**Work order:**
Return a copy of every line in the data below that contains "sketch".

**Records excerpted from a collection:**

%%

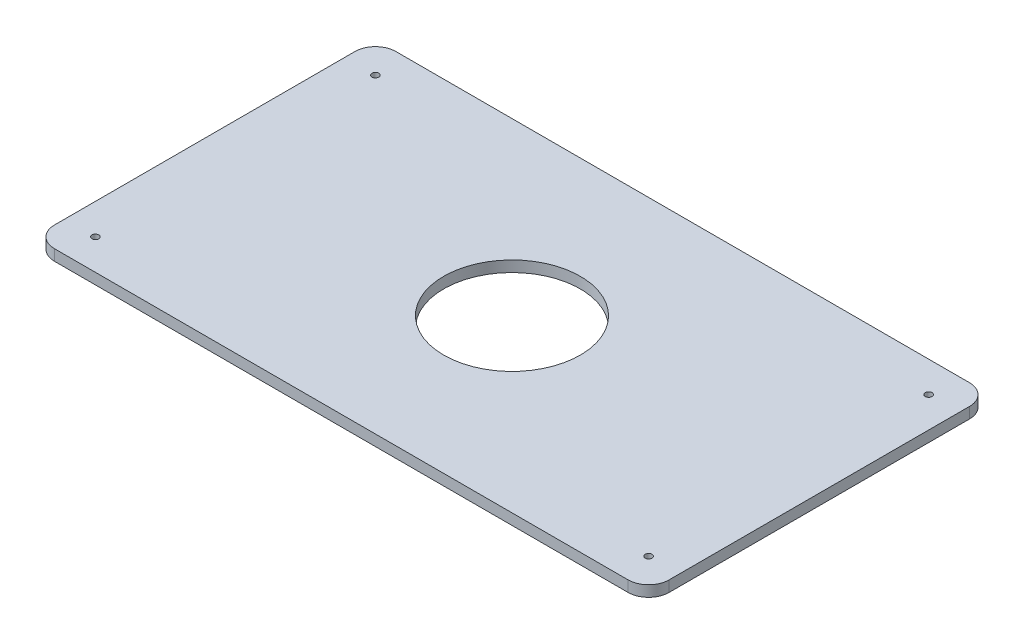
SolidWorks part; units mm, degrees
ref_plane "Alzado" through (0, 0, 0) normal (0, 0, 1) x (1, 0, 0)
ref_plane "Planta" through (0, 0, 0) normal (0, 1, 0) x (1, 0, 0)
ref_plane "Vista lateral" through (0, 0, 0) normal (1, 0, 0) x (0, 0, -1)
sketch "Croquis1" plane through (0, 0, 0) normal (0, 1, 0) x (1, 0, 0)
  line L0 (0, 125) -> (450, 125) construction
  line L1 (15, 0) -> (435, 0)
  line L2 (0, 15) -> (0, 235)
  line L3 (15, 250) -> (435, 250)
  line L4 (450, 15) -> (450, 235)
  line L5 (225, 125) -> (225, 227.5) construction
  line L6 (22.5, 227.5) -> (427.5, 227.5) construction
  line L7 (22.5, 227.5) -> (22.5, 22.5) construction
  line L8 (22.5, 22.5) -> (427.5, 22.5) construction
  line L9 (427.5, 227.5) -> (427.5, 22.5) construction
  circle A0 centre (225, 125) radius 50
  circle A1 centre (22.5, 227.5) radius 2.5
  circle A2 centre (427.5, 227.5) radius 2.5
  circle A3 centre (427.5, 22.5) radius 2.5
  circle A4 centre (22.5, 22.5) radius 2.5
  arc A5 (15, 0) -> (0, 15) centre (15, 15) cw
  arc A6 (435, 0) -> (450, 15) centre (435, 15) ccw
  arc A7 (435, 250) -> (450, 235) centre (435, 235) cw
  arc A8 (0, 235) -> (15, 250) centre (15, 235) cw
  point P17 (427.5, 125)
  point P18 (0, 0)
  point P19 (0, 0)
  point P21 (0, 0)
  point P24 (0, 0)
  point P29 (450, 250)
  point P32 (0, 250)
  dimension "D3" = 5
  dimension "D6" = 100
  dimension "D7" = 15
  dimension "D1" = 450
  dimension "D2" = 250
  dimension "D4" = 22.5
  dimension "D5" = 22.5
extrude "Saliente-Extruir1" add sketch "Croquis1" along normal blind 8

%%

**Expected answer:**
sketch "Croquis1" plane through (0, 0, 0) normal (0, 1, 0) x (1, 0, 0)
extrude "Saliente-Extruir1" add sketch "Croquis1" along normal blind 8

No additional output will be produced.